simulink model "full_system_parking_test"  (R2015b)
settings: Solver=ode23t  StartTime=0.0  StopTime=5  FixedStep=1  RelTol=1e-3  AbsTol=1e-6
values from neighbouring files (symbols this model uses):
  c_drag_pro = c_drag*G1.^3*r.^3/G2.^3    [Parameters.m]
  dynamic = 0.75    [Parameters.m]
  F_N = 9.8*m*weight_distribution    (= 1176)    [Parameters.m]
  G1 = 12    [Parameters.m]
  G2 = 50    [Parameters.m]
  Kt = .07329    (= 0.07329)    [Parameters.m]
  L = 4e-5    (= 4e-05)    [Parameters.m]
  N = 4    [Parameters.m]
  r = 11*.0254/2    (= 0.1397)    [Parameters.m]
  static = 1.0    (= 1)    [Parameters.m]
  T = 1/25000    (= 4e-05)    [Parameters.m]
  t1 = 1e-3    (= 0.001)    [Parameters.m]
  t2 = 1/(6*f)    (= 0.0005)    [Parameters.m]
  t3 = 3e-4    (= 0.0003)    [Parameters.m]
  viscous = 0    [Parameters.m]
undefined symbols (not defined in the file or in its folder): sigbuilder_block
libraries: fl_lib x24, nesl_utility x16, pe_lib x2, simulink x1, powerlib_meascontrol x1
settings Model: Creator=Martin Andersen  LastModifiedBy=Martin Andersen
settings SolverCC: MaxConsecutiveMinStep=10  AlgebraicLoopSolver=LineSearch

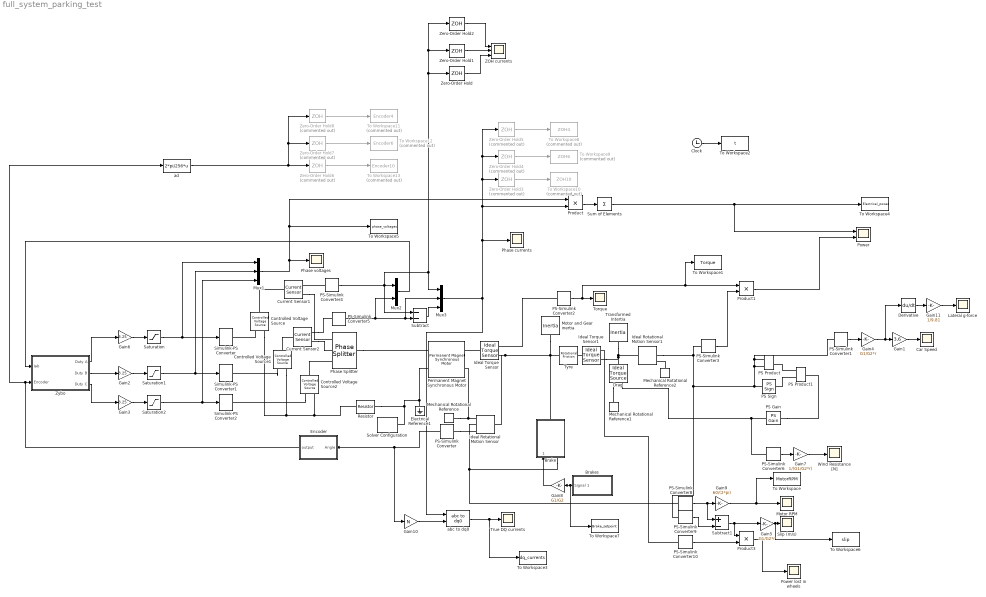
== system full_system_parking_test ==
  Brake : Subsystem
  Brakes : Subsystem  Tag=STV Subsys  LoadFcn=sigbuilder_block('load');  StartFcn=sigbuilder_block('start');  StopFcn=sigbuilder_block('stop');  ClipboardFcn=sigbuilder_block('clipboard');  mask(Sigbuilder block){}
      mask help: Simulink:masks:SigbuilderBlock_MD
      mask init:
      | if ~strcmp(get_param(bdroot(gcbh),'SimulationStatus'),'stopped') tuvar = sigbuilder_block('maskInit'); end
      settings: CopyFcn=sigbuilder_block('copy');  DeleteFcn=sigbuilder_block('delete');  ModelCloseFcn=sigbuilder_block('modelClose');  PreSaveFcn=sigbuilder_block('preSave');  PauseFcn=sigbuilder_block('pause');  ContinueFcn=sigbuilder_block('continue');  NameChangeFcn=sigbuilder_block('namechange');  OpenFcn=sigbuilder_block('open',[564 132.6 550.8 400.2 ]);  CloseFcn=sigbuilder_block('close');
      mask Display: plot(0, 0, 100, 100,[2, 2, 32, 32, 2], [68, 8, 8, 68, 68],[32, 2], [38, 38], [32, 19, 2],[53, 60, 44], [32, 17, 17, 2],[16, 16, 31, 31]);txt = getActiveGroup(gcbh);text(2, 100, txt,'verticalAlignment', 'top');
  Car Speed : Scope
  Clock : Clock
  Controlled Voltage Source : fl_lib/Electrical/Electrical Sources/Controlled Voltage Source
  Controlled Voltage Source1 : fl_lib/Electrical/Electrical Sources/Controlled Voltage Source
  Controlled Voltage Source2 : fl_lib/Electrical/Electrical Sources/Controlled Voltage Source
  Current Sensor1 : fl_lib/Electrical/Electrical Sensors/Current Sensor
  Current Sensor2 : fl_lib/Electrical/Electrical Sensors/Current Sensor
  Derivative : Derivative
  Drag : fl_lib/Mechanical/Mechanical Sources/Ideal Torque Source
  Electrical Reference1 : fl_lib/Electrical/Electrical Elements/Electrical Reference
  Encoder : Subsystem
  Gain1 : Gain  Gain=3.6
  Gain10 : Gain  Gain=N
  Gain11 : Gain  Gain=1/9.81
  Gain2 : Gain  Gain=3.25
  Gain3 : Gain  Gain=3.25
  Gain4 : Gain  Gain=G1/G2*r
  Gain5 : Gain  Gain=G1/G2*r
  Gain6 : Gain  Gain=3.25
  Gain7 : Gain  Gain=1/(G1/G2*r)
  Gain8 : Gain  Gain=G1/G2
  Gain9 : Gain  Gain=60/(2*pi)
  Ideal Rotational Motion Sensor : fl_lib/Mechanical/Mechanical Sensors/Ideal Rotational Motion Sensor  offset=0 rad
  Ideal Rotational Motion Sensor1 : fl_lib/Mechanical/Mechanical Sensors/Ideal Rotational Motion Sensor  offset=0 rad
  Ideal Torque Sensor : fl_lib/Mechanical/Mechanical Sensors/Ideal Torque Sensor
  Ideal Torque Sensor1 : fl_lib/Mechanical/Mechanical Sensors/Ideal Torque Sensor
  Lateral g-force : Scope
  Mechanical Rotational Reference : fl_lib/Mechanical/Rotational Elements/Mechanical Rotational Reference
  Mechanical Rotational Reference1 : fl_lib/Mechanical/Rotational Elements/Mechanical Rotational Reference
  Mechanical Rotational Reference2 : fl_lib/Mechanical/Rotational Elements/Mechanical Rotational Reference
  Motor RPM : Scope
  Motor and Gear inertia : fl_lib/Mechanical/Rotational Elements/Inertia  inertia=J_pro1 kg*m^2  w_specify=off  w_priority=None  w=0 rad/s  t_specify=off  t_priority=None  t=0 N*m
  Mux1 : Mux  Inputs=3
  Mux2 : Mux  Inputs=2
  Mux3 : Mux  Inputs=3
  PS Gain : fl_lib/Physical Signals/Functions/PS Gain  gain=c_drag_pro
  PS Product : fl_lib/Physical Signals/Functions/PS Product
  PS Product1 : fl_lib/Physical Signals/Functions/PS Product
  PS Sign : fl_lib/Physical Signals/Nonlinear Operators/PS Sign
  PS-Simulink Converter{,1..6,8..10} (10 alike) : nesl_utility/PS-Simulink Converter  PhysicalDomain=network_engine_domain  SubClassName=ps_output  LeftPortType=input  RightPortType=output  PseudoPeriodic=off  Frequencies=[]  Unit=1  AffineConversion=off
  Permanent Magnet Synchronous Motor : pe_lib/Machines/Permanent Magnet Rotor/Permanent Magnet Synchronous Motor  nPolePairs=N  pm_flux_linkage=Kt/N Wb  stator_param=1  Ld=L H  Lq=L H  L0=L H  Ls=L H  Lm=0 H  Ms=L/10 H  Rs=R Ohm  initial_currents=[0, 0, 0] A  axes_param=2  angular_position0=0 rad  rotor_offset=- pi / 2 rad  shift_3ph=[nan, nan, nan] rad  sqrt2OverSqrt3=nan  oneOverSqrt2=nan  twoPiOver3=nan  Lmin=1e-9 H
      settings: LogSimulationData=on
  Phase Splitter : pe_lib/Connections/Phase Splitter
  Phase currents : Scope
  Phase voltages : Scope
  Power : Scope  NumInputPorts=2
  Power lost in wheels : Scope
  Product : Product
  Product1 : Product
  Product3 : Product
  Resistor : fl_lib/Electrical/Electrical Elements/Resistor  R=1e9 Ohm  i_specify=off  i_priority=None  i=0 A  v_specify=off  v_priority=None  v=0 V
  Saturation : Saturate  UpperLimit=13.2*2*1.4  LowerLimit=-13.2*2*1.4
  Saturation1 : Saturate  UpperLimit=13.2*2*1.4  LowerLimit=-13.2*2*1.4
  Saturation2 : Saturate  UpperLimit=13.2*2*1.4  LowerLimit=-13.2*2*1.4
  Simulink-PS Converter : nesl_utility/Simulink-PS Converter  PhysicalDomain=network_engine_domain  SubClassName=ps_input  LeftPortType=input  RightPortType=output  PseudoPeriodic=off  Frequencies=[]  NoiseDistribution=none  NoiseParameters=[]  Unit=1  AffineConversion=off  InputFiltering=off  SimscapeFilterOrder=1  InputFilterTimeConstant=0.001  UdotUserProvided=1
  Simulink-PS Converter1 : nesl_utility/Simulink-PS Converter  PhysicalDomain=network_engine_domain  SubClassName=ps_input  LeftPortType=input  RightPortType=output  PseudoPeriodic=off  Frequencies=[]  NoiseDistribution=none  NoiseParameters=[]  Unit=1  AffineConversion=off  InputFiltering=off  SimscapeFilterOrder=1  InputFilterTimeConstant=0.001  UdotUserProvided=1
  Simulink-PS Converter2 : nesl_utility/Simulink-PS Converter  PhysicalDomain=network_engine_domain  SubClassName=ps_input  LeftPortType=input  RightPortType=output  PseudoPeriodic=off  Frequencies=[]  NoiseDistribution=none  NoiseParameters=[]  Unit=1  AffineConversion=off  InputFiltering=off  SimscapeFilterOrder=1  InputFilterTimeConstant=0.001  UdotUserProvided=1
  Slip (m/s) : Scope
  Solver Configuration : nesl_utility/Solver Configuration  PhysicalDomain=network_engine_domain  SubClassName=solver  LeftPortType=input  RightPortType=generic  Accelerate=off  Tones=[]  Harmonics=[]  SimulateNoise=off  Profile=off  UseLocalSampling=off  EnableSwitchedLinearOptims=on  FrequencyDomain=off  UseCCode=off  RelTol=0.001  AbsTol=1e-06  MinStep=1e-09  ToWorkspace=off  RevertToSquareIcSolve=off  NumHomotopyIterations=100  PhasorMode=off  PhasorModeNumHarmonics=1  DoDC=off  ResidualTolerance=1e-09  UseLocalSolver=off  LocalSolverChoice=NE_BACKWARD_EULER_ADVANCER  LocalSolverSampleTime=0.001  DoFixedCost=off  MaxNonlinIter=3  MaxModeIter=2  LinearAlgebra=Sparse  DelaysMemoryBudget=1024  AutomaticFiltering=on  FilteringTimeConstant=0.001
  Subtract : Sum  Inputs=--
  Subtract1 : Sum  Inputs=+-
  Sum of Elements : Sum  Inputs=+
  To Workspace : ToWorkspace  VariableName=MotorRPM  SampleTime=-1
  To Workspace1 : ToWorkspace  VariableName=Torque  SampleTime=-1
  To Workspace10 : ToWorkspace  Commented=on  VariableName=ZOH10  SampleTime=-1
  To Workspace11 : ToWorkspace  Commented=on  VariableName=Encoder4  SampleTime=-1
  To Workspace12 : ToWorkspace  Commented=on  VariableName=Encoder6  SampleTime=-1
  To Workspace13 : ToWorkspace  Commented=on  VariableName=Encoder10  SampleTime=-1
  To Workspace2 : ToWorkspace  VariableName=t  SampleTime=-1
  To Workspace3 : ToWorkspace  VariableName=dq_currents  SampleTime=-1
  To Workspace4 : ToWorkspace  VariableName=Electrical_power  SampleTime=-1
  To Workspace5 : ToWorkspace  VariableName=phase_voltages  SampleTime=-1
  To Workspace6 : ToWorkspace  VariableName=slip  SampleTime=-1
  To Workspace7 : ToWorkspace  VariableName=Brake_setpoint  SampleTime=T
      settings: Save2DSignal=2-D array (concatenate along first dimension)
  To Workspace8 : ToWorkspace  Commented=on  VariableName=ZOH4  SampleTime=-1
  To Workspace9 : ToWorkspace  Commented=on  VariableName=ZOH6  SampleTime=-1
  Torque : Scope
  Transformed Intertia : fl_lib/Mechanical/Rotational Elements/Inertia  inertia=J_pro2 kg*m^2  w_specify=off  w_priority=None  w=0 rad/s  t_specify=off  t_priority=None  t=0 N*m
  True DQ currents : Scope
  Tyre : fl_lib/Mechanical/Rotational Elements/Rotational Friction  brkwy_trq=F_N*static*r*G1/G2 N*m  Col_trq=F_N*dynamic*r*G1/G2 N*m  visc_coef=F_N*viscous*r*G1/G2 N*m/(rad/s)  trans_coef=10 s/rad  vel_thr=1e-4 rad/s  w_specify=off  w_priority=None  w=0 rad/s  t_specify=off  t_priority=None  t=0 N*m
  Wind Resistance [N] : Scope
  ZOH currents : Scope  NumInputPorts=3
  Zero-Order Hold : ZeroOrderHold  SampleTime=t3
  Zero-Order Hold1 : ZeroOrderHold  SampleTime=t2
  Zero-Order Hold2 : ZeroOrderHold  SampleTime=t1
  Zero-Order Hold3 : ZeroOrderHold  Commented=on  SampleTime=t3
  Zero-Order Hold4 : ZeroOrderHold  Commented=on  SampleTime=t2
  Zero-Order Hold5 : ZeroOrderHold  Commented=on  SampleTime=t1
  Zero-Order Hold6 : ZeroOrderHold  Commented=on  SampleTime=t3
  Zero-Order Hold7 : ZeroOrderHold  Commented=on  SampleTime=t2
  Zero-Order Hold8 : ZeroOrderHold  Commented=on  SampleTime=t1
  Zybo : Subsystem
  abc to dq0 : powerlib_meascontrol/Transformations/abc to dq0  Alignment=Aligned with phase A axis
  ad : Fcn  Expr=2*pi/256*u
  wires:
  Gain1/1 -> Car Speed/1
  PS-Simulink Converter5/1 -> Mux3/2, Subtract/2, Mux2/2
  PS-Simulink Converter6/1 -> Gain7/1
  Mux1/1 -> To Workspace5/1, Product/1, Phase voltages/1
  Mux2/1 -> Zybo/1(Iab)
  Product/1 -> Sum of Elements/1
  PS-Simulink Converter3/1 -> Product1/2
  Zybo/1(Duty A) -> Gain6/1
  PS-Simulink Converter/1 -> Gain10/1, Encoder/1(Angle)
  Encoder/1(output) -> ad/1, Zybo/2(Encoder)
  Gain6/1 -> Saturation/1
  Gain2/1 -> Saturation1/1
  Gain3/1 -> Saturation2/1
  Saturation/1 -> Mux1/1, Simulink-PS Converter/1
  Saturation1/1 -> Mux1/2, Simulink-PS Converter1/1
  Zybo/2(Duty B) -> Gain2/1
  Zybo/3(Duty C) -> Gain3/1
  Saturation2/1 -> Mux1/3, Simulink-PS Converter2/1
  Subtract/1 -> Mux3/3
  Product1/1 -> Power/2
  Brakes/1(Signal 1) -> To Workspace7/1, Gain8/1
  Gain7/1 -> Wind Resistance [N]/1
  PS-Simulink Converter9/1 -> Subtract1/2
  Subtract1/1 -> Product3/1, Gain5/1
  Gain5/1 -> To Workspace6/1, Slip (m/s)/1
  PS-Simulink Converter8/1 -> Subtract1/1, Gain9/1
  PS-Simulink Converter10/1 -> Product3/2
  Gain9/1 -> To Workspace/1, Motor RPM/1
  PS-Simulink Converter2/1 -> To Workspace1/1, Product1/1, Torque/1
  Product3/1 -> Power lost in wheels/1
  PS-Simulink Converter1/1 -> Gain4/1
  Derivative/1 -> Gain11/1
  Gain11/1 -> Lateral g-force/1
  Gain8/1 -> Brake/1(Brake torque)
  Sum of Elements/1 -> To Workspace4/1, Power/1
  Gain4/1 -> Derivative/1, Gain1/1
  Clock/1 -> To Workspace2/1
  abc to dq0/1 -> To Workspace3/1, True DQ currents/1
  Gain10/1 -> abc to dq0/2
  Zero-Order Hold2/1 -> ZOH currents/1
  Zero-Order Hold1/1 -> ZOH currents/2
  Zero-Order Hold/1 -> ZOH currents/3
  PS-Simulink Converter4/1 -> Subtract/1, Mux3/1, Zero-Order Hold2/1, Zero-Order Hold1/1, Zero-Order Hold/1, Mux2/1
  Mux3/1 -> abc to dq0/1, Phase currents/1, Zero-Order Hold5/1, Zero-Order Hold4/1, Zero-Order Hold3/1, Product/2
  ad/1 -> Zero-Order Hold7/1, Zero-Order Hold8/1, Zero-Order Hold6/1
  Zero-Order Hold5/1 -> To Workspace8/1
  Zero-Order Hold3/1 -> To Workspace10/1
  Zero-Order Hold4/1 -> To Workspace9/1
  Zero-Order Hold8/1 -> To Workspace11/1
  Zero-Order Hold7/1 -> To Workspace12/1
  Zero-Order Hold6/1 -> To Workspace13/1
  connections:
  Permanent Magnet Synchronous Motor/LConn2 -- Resistor/RConn1 -- Solver Configuration/RConn1 -- Electrical Reference1/LConn1
  Ideal Rotational Motion Sensor/RConn1 -- Mechanical Rotational Reference/LConn1 -- Permanent Magnet Synchronous Motor/RConn2
  PS-Simulink Converter3/LConn1 -- Ideal Rotational Motion Sensor1/RConn2 -- PS-Simulink Converter9/LConn1 -- PS Sign/LConn1 -- PS-Simulink Converter1/LConn1 -- PS Product/LConn1 -- PS Product/LConn2
  PS Product1/LConn2 -- PS Sign/RConn1
  PS Product1/LConn1 -- PS Product/RConn1
  PS Gain/LConn1 -- PS Product1/RConn1
  PS-Simulink Converter6/LConn1 -- Drag/RConn1 -- PS Gain/RConn1
  PS-Simulink Converter/LConn1 -- Ideal Rotational Motion Sensor/RConn3
  Controlled Voltage Source/RConn1 -- Simulink-PS Converter/RConn1
  Controlled Voltage Source1/RConn1 -- Simulink-PS Converter1/RConn1
  Controlled Voltage Source2/RConn1 -- Simulink-PS Converter2/RConn1
  Controlled Voltage Source2/LConn1 -- Phase Splitter/RConn3
  Controlled Voltage Source1/RConn2 -- Controlled Voltage Source/RConn2 -- Resistor/LConn1 -- Controlled Voltage Source2/RConn2
  Phase Splitter/LConn1 -- Permanent Magnet Synchronous Motor/LConn1
  Current Sensor1/LConn1 -- Controlled Voltage Source/LConn1
  Current Sensor1/RConn2 -- Phase Splitter/RConn1
  Current Sensor2/LConn1 -- Controlled Voltage Source1/LConn1
  Current Sensor2/RConn2 -- Phase Splitter/RConn2
  PS-Simulink Converter4/LConn1 -- Current Sensor1/RConn1
  Current Sensor2/RConn1 -- PS-Simulink Converter5/LConn1
  Drag/RConn2 -- Mechanical Rotational Reference1/LConn1
  Ideal Rotational Motion Sensor/LConn1 -- Ideal Torque Sensor/RConn1 -- Brake/RConn1 -- Motor and Gear inertia/LConn1 -- Tyre/LConn1
  PS-Simulink Converter2/LConn1 -- Ideal Torque Sensor/RConn2
  Ideal Torque Sensor/LConn1 -- Permanent Magnet Synchronous Motor/RConn1
  Drag/LConn1 -- Ideal Torque Sensor1/RConn1 -- Ideal Rotational Motion Sensor1/LConn1 -- Transformed Intertia/LConn1
  Mechanical Rotational Reference2/LConn1 -- Ideal Rotational Motion Sensor1/RConn1
  PS-Simulink Converter8/LConn1 -- Ideal Rotational Motion Sensor/RConn2 -- Brake/LConn1
  Tyre/RConn1 -- Ideal Torque Sensor1/LConn1
  PS-Simulink Converter10/LConn1 -- Ideal Torque Sensor1/RConn2

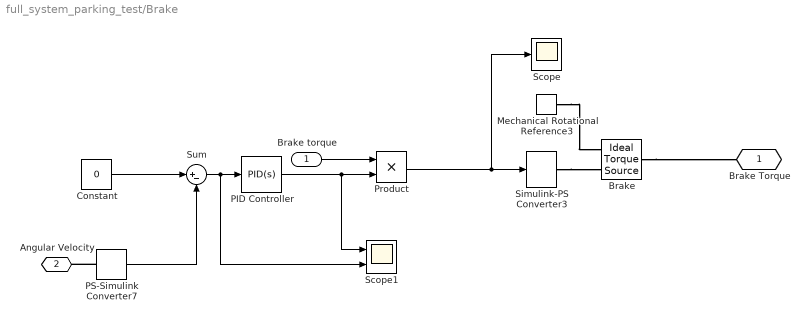
== system full_system_parking_test/Brake ==
  Brake torque : Inport
  Brake : fl_lib/Mechanical/Mechanical Sources/Ideal Torque Source
  Constant : Constant  Value=0
  Mechanical Rotational Reference3 : fl_lib/Mechanical/Rotational Elements/Mechanical Rotational Reference
  PID Controller : simulink/Continuous/PID Controller  Controller=PID  TimeDomain=Continuous-time  SampleTime=-1  IntegratorMethod=Forward Euler  FilterMethod=Forward Euler  Form=Parallel  UseFilter=on  ControllerParametersSource=internal  P=100  I=50000  D=-.1  N=100  InitialConditionSource=internal  InitialConditionForIntegrator=0  InitialConditionForFilter=0  ExternalReset=none  LimitOutput=on  UpperSaturationLimit=1  LowerSaturationLimit=-1  LinearizeAsGain=on  AntiWindupMode=back-calculation  Kb=100000  TrackingMode=off  Kt=1  PParamMin=[]  PParamMax=[]  IParamMin=[]  IParamMax=[]  DParamMin=[]  DParamMax=[]  NParamMin=[]  NParamMax=[]  KbParamMin=[]  KbParamMax=[]  KtParamMin=[]  KtParamMax=[]  POutMin=[]  POutMax=[]  IOutMin=[]  IOutMax=[]  DOutMin=[]  DOutMax=[]  NOutMin=[]  NOutMax=[]  KbOutMin=[]  KbOutMax=[]  KtOutMin=[]  KtOutMax=[]  IntegratorOutMin=[]  IntegratorOutMax=[]  FilterOutMin=[]  FilterOutMax=[]  SumOutMin=[]  SumOutMax=[]  SumI1OutMin=[]  SumI1OutMax=[]  SumI2OutMin=[]  SumI2OutMax=[]  SumI3OutMin=[]  SumI3OutMax=[]  SumDOutMin=[]  SumDOutMax=[]  SaturationOutMin=[]  SaturationOutMax=[]  IntegratorContinuousStateAttributes=''  IntegratorStateMustResolveToSignalObject=off  IntegratorRTWStateStorageClass=Auto  FilterContinuousStateAttributes=''  FilterStateMustResolveToSignalObject=off  FilterRTWStateStorageClass=Auto  DifferentiatorICPrevScaledInput=0  DifferentiatorOutMin=[]  DifferentiatorOutMax=[]
  PS-Simulink Converter7 : nesl_utility/PS-Simulink Converter  PhysicalDomain=network_engine_domain  SubClassName=ps_output  LeftPortType=input  RightPortType=output  PseudoPeriodic=off  Frequencies=[]  Unit=1  AffineConversion=off
  Product : Product
  Scope : Scope
  Scope1 : Scope  NumInputPorts=2
  Simulink-PS Converter3 : nesl_utility/Simulink-PS Converter  PhysicalDomain=network_engine_domain  SubClassName=ps_input  LeftPortType=input  RightPortType=output  PseudoPeriodic=off  Frequencies=[]  NoiseDistribution=none  NoiseParameters=[]  Unit=1  AffineConversion=off  InputFiltering=off  SimscapeFilterOrder=1  InputFilterTimeConstant=0.001  UdotUserProvided=1
  Sum : Sum  Inputs=|+-
  Brake Torque : PMIOPort  Port=1  Side=Right
  Angular Velocity : PMIOPort  Port=2  Side=Left
  wires:
  Product/1 -> Scope/1, Simulink-PS Converter3/1
  Sum/1 -> Scope1/2, PID Controller/1
  PID Controller/1 -> Scope1/1, Product/2
  Brake torque/1 -> Product/1
  Constant/1 -> Sum/1
  PS-Simulink Converter7/1 -> Sum/2
  connections:
  PS-Simulink Converter7/LConn1 -- Angular Velocity/RConn1
  Brake/LConn1 -- Brake Torque/RConn1
  Mechanical Rotational Reference3/LConn1 -- Brake/RConn2
  Simulink-PS Converter3/RConn1 -- Brake/RConn1

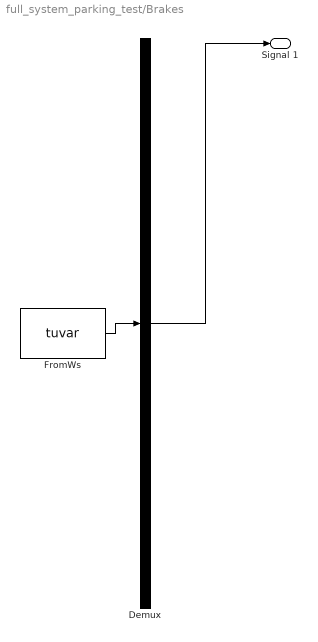
== system full_system_parking_test/Brakes ==
  Demux : Demux  Tag=STV Demux  Outputs=1
  FromWs : FromWorkspace  Tag=STV FromWs  VariableName=tuvar  SampleTime=0
      SigBuilderData=|
      | common.afterFinalStr = 'Extrapolate'
      | common.sampleTime = 0
      | dataSet.timeRange = [0 10]
      | dataSet.name = 'Group 1'
      | sbobj.Groups.Name = 'Group 1'
      | sbobj.Groups.Signals.Name = 'Signal 1'
      | sbobj.Groups.Signals.XData = [0 5.56 5.56 7.08 7.08 10]
      | sbobj.Groups.Signals.YData = [0 0 1452 1452 0 0]
  Signal 1 : Outport  Tag=STV Outport
  wires:
  Demux/1 -> Signal 1/1
  FromWs/1 -> Demux/1

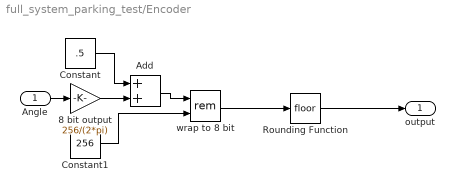
== system full_system_parking_test/Encoder ==
  Angle : Inport
  8 bit output : Gain  Gain=256/(2*pi)
  Add : Sum
  Constant : Constant  Value=.5
  Constant1 : Constant  Value=256
  Rounding Function : Rounding
  wrap to 8 bit : Math  Operator=rem  SaturateOnIntegerOverflow=on
  output : Outport
  wires:
  Constant1/1 -> wrap to 8 bit/2
  Angle/1 -> 8 bit output/1
  wrap to 8 bit/1 -> Rounding Function/1
  8 bit output/1 -> Add/2
  Add/1 -> wrap to 8 bit/1
  Constant/1 -> Add/1
  Rounding Function/1 -> output/1

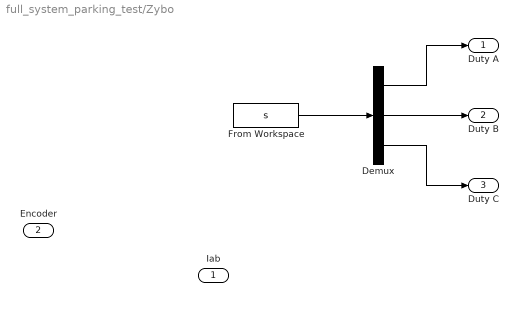
== system full_system_parking_test/Zybo ==
  Iab : Inport
  Encoder : Inport  Port=2
  Demux : Demux  Outputs=3
  From Workspace : FromWorkspace  VariableName=s  OutDataTypeStr=double  SampleTime=1
  Duty A : Outport
  Duty B : Outport  Port=2
  Duty C : Outport  Port=3
  wires:
  From Workspace/1 -> Demux/1
  Demux/1 -> Duty A/1
  Demux/2 -> Duty B/1
  Demux/3 -> Duty C/1

______________________________

What is needed: Looking through the data above, copy out each line in which the string "Resistor" occurs.

Solved problem:
  Resistor : fl_lib/Electrical/Electrical Elements/Resistor  R=1e9 Ohm  i_specify=off  i_priority=None  i=0 A  v_specify=off  v_priority=None  v=0 V
  Permanent Magnet Synchronous Motor/LConn2 -- Resistor/RConn1 -- Solver Configuration/RConn1 -- Electrical Reference1/LConn1
  Controlled Voltage Source1/RConn2 -- Controlled Voltage Source/RConn2 -- Resistor/LConn1 -- Controlled Voltage Source2/RConn2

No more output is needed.